Professor Robert Hardaway of the University of Denver Sturm College of Law, an opponent of the National Popular Vote compact, presented the following testimony on the National Popular Vote bill on February 19, 2010, to the Alaska Senate Judiciary Committee:

“And what would happen if, under the Koza scheme, some of the states decided to withdraw from the conspiracy? What federal organ would be empowered to enforce the original terms of that conspiracy?”[459] [Emphasis added]

Tara Ross, an opponent of the National Popular Vote compact, refers to the states belonging to the compact as:

“colluding states.”[460]

A “conspiracy” is an agreement to commit a crime.
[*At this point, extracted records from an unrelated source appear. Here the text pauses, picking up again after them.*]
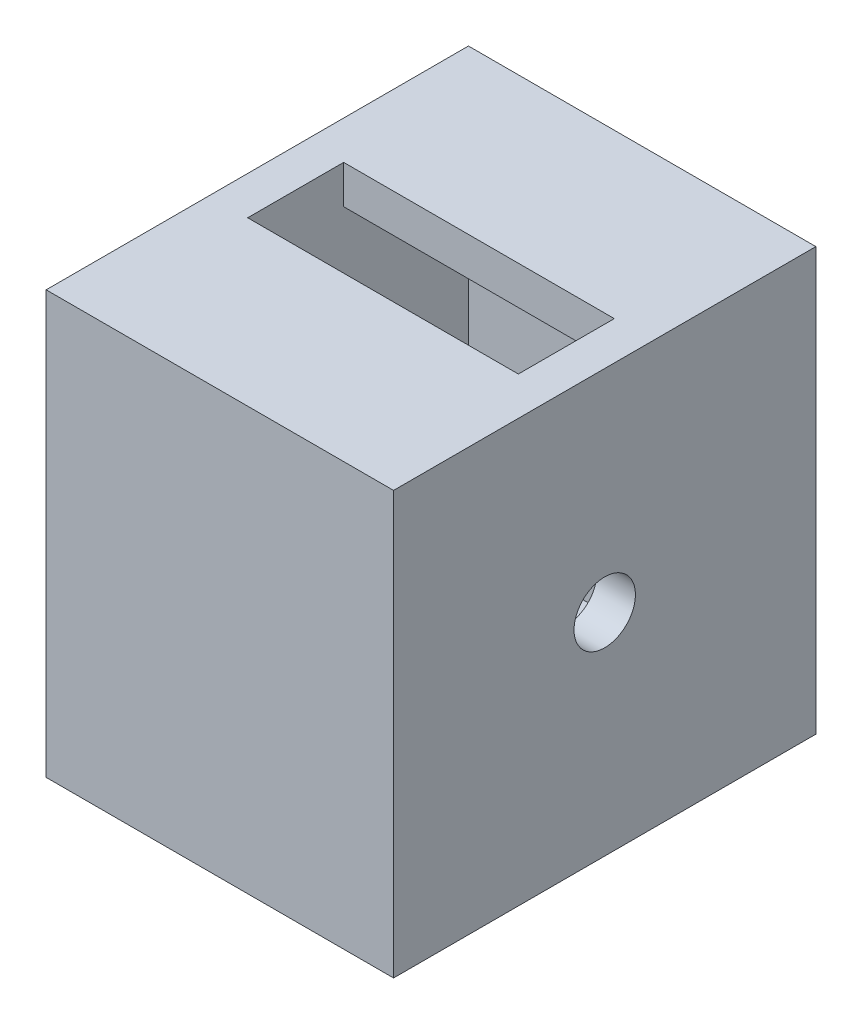
ISO-10303-21;
HEADER;
FILE_DESCRIPTION(('STEP AP214'),'2;1');
FILE_NAME('part.step','',(''),(''),'','','');
FILE_SCHEMA(('AUTOMOTIVE_DESIGN { 1 0 10303 214 1 1 1 1 }'));
ENDSEC;
DATA;
#1=APPLICATION_CONTEXT('core data for automotive mechanical design processes');
#2=APPLICATION_PROTOCOL_DEFINITION('international standard','automotive_design',2000,#1);
#3=PRODUCT_CONTEXT('',#1,'mechanical');
#4=PRODUCT('Part','Part','',(#3));
#5=PRODUCT_RELATED_PRODUCT_CATEGORY('part','',(#4));
#6=PRODUCT_DEFINITION_FORMATION('','',#4);
#7=PRODUCT_DEFINITION_CONTEXT('part definition',#1,'design');
#8=PRODUCT_DEFINITION('design','',#6,#7);
#9=PRODUCT_DEFINITION_SHAPE('','',#8);
#10=(LENGTH_UNIT() NAMED_UNIT(*) SI_UNIT(.MILLI.,.METRE.));
#11=(NAMED_UNIT(*) PLANE_ANGLE_UNIT() SI_UNIT($,.RADIAN.));
#12=(NAMED_UNIT(*) SI_UNIT($,.STERADIAN.) SOLID_ANGLE_UNIT());
#13=UNCERTAINTY_MEASURE_WITH_UNIT(LENGTH_MEASURE(1.E-05),#10,'distance_accuracy_value','');
#14=(GEOMETRIC_REPRESENTATION_CONTEXT(3) GLOBAL_UNCERTAINTY_ASSIGNED_CONTEXT((#13)) GLOBAL_UNIT_ASSIGNED_CONTEXT((#10,
#11,#12)) REPRESENTATION_CONTEXT('',''));
#15=CARTESIAN_POINT('',(0.,0.,0.));
#16=DIRECTION('',(0.,0.,1.));
#17=DIRECTION('',(1.,0.,0.));
#18=AXIS2_PLACEMENT_3D('',#15,#16,#17);
#19=CARTESIAN_POINT('',(8.9535,13.97,-11.43));
#20=DIRECTION('',(0.,0.,1.));
#21=DIRECTION('',(1.,0.,0.));
#22=AXIS2_PLACEMENT_3D('',#19,#20,#21);
#23=PLANE('',#22);
#24=DIRECTION('',(0.,1.,0.));
#25=VECTOR('',#24,1.);
#26=CARTESIAN_POINT('',(2.6035,-3.17499999999999,-11.43));
#27=LINE('',#26,#25);
#28=CARTESIAN_POINT('',(2.6035,-3.17499999999999,-11.43));
#29=VERTEX_POINT('',#28);
#30=CARTESIAN_POINT('',(2.6035,3.17500000000001,-11.43));
#31=VERTEX_POINT('',#30);
#32=EDGE_CURVE('E174',#29,#31,#27,.T.);
#33=ORIENTED_EDGE('',*,*,#32,.T.);
#34=DIRECTION('',(-1.,0.,0.));
#35=VECTOR('',#34,1.);
#36=CARTESIAN_POINT('',(5.7785,3.17500000000001,-11.43));
#37=LINE('',#36,#35);
#38=CARTESIAN_POINT('',(5.7785,3.17500000000001,-11.43));
#39=VERTEX_POINT('',#38);
#40=EDGE_CURVE('E158',#39,#31,#37,.T.);
#41=ORIENTED_EDGE('',*,*,#40,.F.);
#42=DIRECTION('',(0.,1.,0.));
#43=VECTOR('',#42,1.);
#44=CARTESIAN_POINT('',(5.7785,-3.17499999999999,-11.43));
#45=LINE('',#44,#43);
#46=CARTESIAN_POINT('',(5.7785,-3.17499999999999,-11.43));
#47=VERTEX_POINT('',#46);
#48=EDGE_CURVE('E170',#47,#39,#45,.T.);
#49=ORIENTED_EDGE('',*,*,#48,.F.);
#50=DIRECTION('',(-1.,0.,0.));
#51=VECTOR('',#50,1.);
#52=CARTESIAN_POINT('',(5.7785,-3.17499999999999,-11.43));
#53=LINE('',#52,#51);
#54=EDGE_CURVE('E182',#47,#29,#53,.T.);
#55=ORIENTED_EDGE('',*,*,#54,.T.);
#56=EDGE_LOOP('',(#33,#41,#49,#55));
#57=FACE_BOUND('',#56,.T.);
#58=DIRECTION('',(0.,-1.,0.));
#59=VECTOR('',#58,1.);
#60=CARTESIAN_POINT('',(8.9535,13.97,-11.43));
#61=LINE('',#60,#59);
#62=CARTESIAN_POINT('',(8.9535,11.43,-11.43));
#63=VERTEX_POINT('',#62);
#64=CARTESIAN_POINT('',(8.9535,-11.43,-11.43));
#65=VERTEX_POINT('',#64);
#66=EDGE_CURVE('E288',#63,#65,#61,.T.);
#67=ORIENTED_EDGE('',*,*,#66,.F.);
#68=DIRECTION('',(-1.,0.,0.));
#69=VECTOR('',#68,1.);
#70=CARTESIAN_POINT('',(-8.9535,11.43,-11.43));
#71=LINE('',#70,#69);
#72=CARTESIAN_POINT('',(-8.9535,11.43,-11.43));
#73=VERTEX_POINT('',#72);
#74=EDGE_CURVE('E244',#63,#73,#71,.T.);
#75=ORIENTED_EDGE('',*,*,#74,.T.);
#76=DIRECTION('',(0.,-1.,0.));
#77=VECTOR('',#76,1.);
#78=CARTESIAN_POINT('',(-8.9535,13.97,-11.43));
#79=LINE('',#78,#77);
#80=CARTESIAN_POINT('',(-8.9535,-11.43,-11.43));
#81=VERTEX_POINT('',#80);
#82=EDGE_CURVE('E285',#73,#81,#79,.T.);
#83=ORIENTED_EDGE('',*,*,#82,.T.);
#84=DIRECTION('',(1.,0.,0.));
#85=VECTOR('',#84,1.);
#86=CARTESIAN_POINT('',(-8.9535,-11.43,-11.43));
#87=LINE('',#86,#85);
#88=EDGE_CURVE('E261',#81,#65,#87,.T.);
#89=ORIENTED_EDGE('',*,*,#88,.T.);
#90=EDGE_LOOP('',(#67,#75,#83,#89));
#91=FACE_BOUND('',#90,.T.);
#92=ADVANCED_FACE('F43',(#57,#91),#23,.T.);
#93=CARTESIAN_POINT('',(8.9535,13.97,-11.43));
#94=DIRECTION('',(-1.,0.,0.));
#95=DIRECTION('',(0.,0.,1.));
#96=AXIS2_PLACEMENT_3D('',#93,#94,#95);
#97=PLANE('',#96);
#98=CARTESIAN_POINT('',(8.9535,0.,0.));
#99=DIRECTION('',(-1.,0.,0.));
#100=DIRECTION('',(0.,0.,1.));
#101=AXIS2_PLACEMENT_3D('',#98,#99,#100);
#102=CIRCLE('',#101,2.032);
#103=CARTESIAN_POINT('',(8.9535,0.,2.03199999999999));
#104=VERTEX_POINT('',#103);
#105=EDGE_CURVE('E205',#104,#104,#102,.F.);
#106=ORIENTED_EDGE('',*,*,#105,.T.);
#107=EDGE_LOOP('',(#106));
#108=FACE_BOUND('',#107,.T.);
#109=DIRECTION('',(0.,1.,0.));
#110=VECTOR('',#109,1.);
#111=CARTESIAN_POINT('',(8.9535,11.43,3.175));
#112=LINE('',#111,#110);
#113=CARTESIAN_POINT('',(8.9535,11.43,3.175));
#114=VERTEX_POINT('',#113);
#115=CARTESIAN_POINT('',(8.9535,13.97,3.175));
#116=VERTEX_POINT('',#115);
#117=EDGE_CURVE('E210',#114,#116,#112,.T.);
#118=ORIENTED_EDGE('',*,*,#117,.T.);
#119=DIRECTION('',(0.,0.,-1.));
#120=VECTOR('',#119,1.);
#121=CARTESIAN_POINT('',(8.9535,13.97,-11.43));
#122=LINE('',#121,#120);
#123=CARTESIAN_POINT('',(8.9535,13.97,-3.175));
#124=VERTEX_POINT('',#123);
#125=EDGE_CURVE('E273',#116,#124,#122,.T.);
#126=ORIENTED_EDGE('',*,*,#125,.T.);
#127=DIRECTION('',(0.,1.,0.));
#128=VECTOR('',#127,1.);
#129=CARTESIAN_POINT('',(8.9535,11.43,-3.175));
#130=LINE('',#129,#128);
#131=CARTESIAN_POINT('',(8.9535,11.43,-3.175));
#132=VERTEX_POINT('',#131);
#133=EDGE_CURVE('E251',#132,#124,#130,.T.);
#134=ORIENTED_EDGE('',*,*,#133,.F.);
#135=DIRECTION('',(0.,0.,-1.));
#136=VECTOR('',#135,1.);
#137=CARTESIAN_POINT('',(8.9535,11.43,-11.43));
#138=LINE('',#137,#136);
#139=EDGE_CURVE('E241',#132,#63,#138,.T.);
#140=ORIENTED_EDGE('',*,*,#139,.T.);
#141=ORIENTED_EDGE('',*,*,#66,.T.);
#142=DIRECTION('',(0.,0.,1.));
#143=VECTOR('',#142,1.);
#144=CARTESIAN_POINT('',(8.9535,-11.43,11.43));
#145=LINE('',#144,#143);
#146=CARTESIAN_POINT('',(8.9535,-11.43,11.43));
#147=VERTEX_POINT('',#146);
#148=EDGE_CURVE('E265',#65,#147,#145,.T.);
#149=ORIENTED_EDGE('',*,*,#148,.T.);
#150=DIRECTION('',(0.,-1.,0.));
#151=VECTOR('',#150,1.);
#152=CARTESIAN_POINT('',(8.9535,13.97,11.43));
#153=LINE('',#152,#151);
#154=CARTESIAN_POINT('',(8.9535,11.43,11.43));
#155=VERTEX_POINT('',#154);
#156=EDGE_CURVE('E279',#155,#147,#153,.T.);
#157=ORIENTED_EDGE('',*,*,#156,.F.);
#158=DIRECTION('',(0.,0.,-1.));
#159=VECTOR('',#158,1.);
#160=CARTESIAN_POINT('',(8.9535,11.43,11.43));
#161=LINE('',#160,#159);
#162=EDGE_CURVE('E226',#155,#114,#161,.T.);
#163=ORIENTED_EDGE('',*,*,#162,.T.);
#164=EDGE_LOOP('',(#118,#126,#134,#140,#141,#149,#157,#163));
#165=FACE_BOUND('',#164,.T.);
#166=ADVANCED_FACE('F356',(#108,#165),#97,.T.);
#167=CARTESIAN_POINT('',(-8.9535,13.97,-11.43));
#168=DIRECTION('',(1.,0.,0.));
#169=DIRECTION('',(0.,0.,-1.));
#170=AXIS2_PLACEMENT_3D('',#167,#168,#169);
#171=PLANE('',#170);
#172=DIRECTION('',(0.,1.,0.));
#173=VECTOR('',#172,1.);
#174=CARTESIAN_POINT('',(-8.9535,11.43,3.175));
#175=LINE('',#174,#173);
#176=CARTESIAN_POINT('',(-8.9535,11.43,3.175));
#177=VERTEX_POINT('',#176);
#178=CARTESIAN_POINT('',(-8.9535,13.97,3.175));
#179=VERTEX_POINT('',#178);
#180=EDGE_CURVE('E209',#177,#179,#175,.T.);
#181=ORIENTED_EDGE('',*,*,#180,.F.);
#182=DIRECTION('',(0.,0.,1.));
#183=VECTOR('',#182,1.);
#184=CARTESIAN_POINT('',(-8.9535,11.43,11.43));
#185=LINE('',#184,#183);
#186=CARTESIAN_POINT('',(-8.9535,11.43,11.43));
#187=VERTEX_POINT('',#186);
#188=EDGE_CURVE('E222',#177,#187,#185,.T.);
#189=ORIENTED_EDGE('',*,*,#188,.T.);
#190=DIRECTION('',(0.,-1.,0.));
#191=VECTOR('',#190,1.);
#192=CARTESIAN_POINT('',(-8.9535,13.97,11.43));
#193=LINE('',#192,#191);
#194=CARTESIAN_POINT('',(-8.9535,-11.43,11.43));
#195=VERTEX_POINT('',#194);
#196=EDGE_CURVE('E282',#187,#195,#193,.T.);
#197=ORIENTED_EDGE('',*,*,#196,.T.);
#198=DIRECTION('',(0.,0.,-1.));
#199=VECTOR('',#198,1.);
#200=CARTESIAN_POINT('',(-8.9535,-11.43,11.43));
#201=LINE('',#200,#199);
#202=EDGE_CURVE('E255',#195,#81,#201,.T.);
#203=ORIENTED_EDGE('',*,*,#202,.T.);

An interstate compact is not a “conspiracy,” but, instead, a mechanism provided by the U.S. Constitution that enables sovereign states to enter voluntarily into binding contractual arrangements with one another.

The National Popular Vote compact is based on the exclusive and plenary power of the states to choose the manner of awarding their electoral votes (as provided by section 1 of Article II of the U.S. Constitution):

“Each State shall appoint, in such Manner as the Legislature thereof may direct, a Number of Electors….”[461] [Emphasis added]

Words, such as “conspiracy,” “collusion,” and “scheme,” do not change the fact that the states have the power, under the U.S. Constitution, to award their own electoral votes in the manner that they see fit.

 

Footnotes

[459] See section 9.11 for answers to Professor Hardaway’s concern about withdrawal.

[460] Ross, Tara. 2004. Enlightened Democracy: The Case for the Electoral College. Los Angeles, CA: World Ahead Publishing Company. Page 235.

[461] U.S. Constitution. Article II, section 1, clause 2.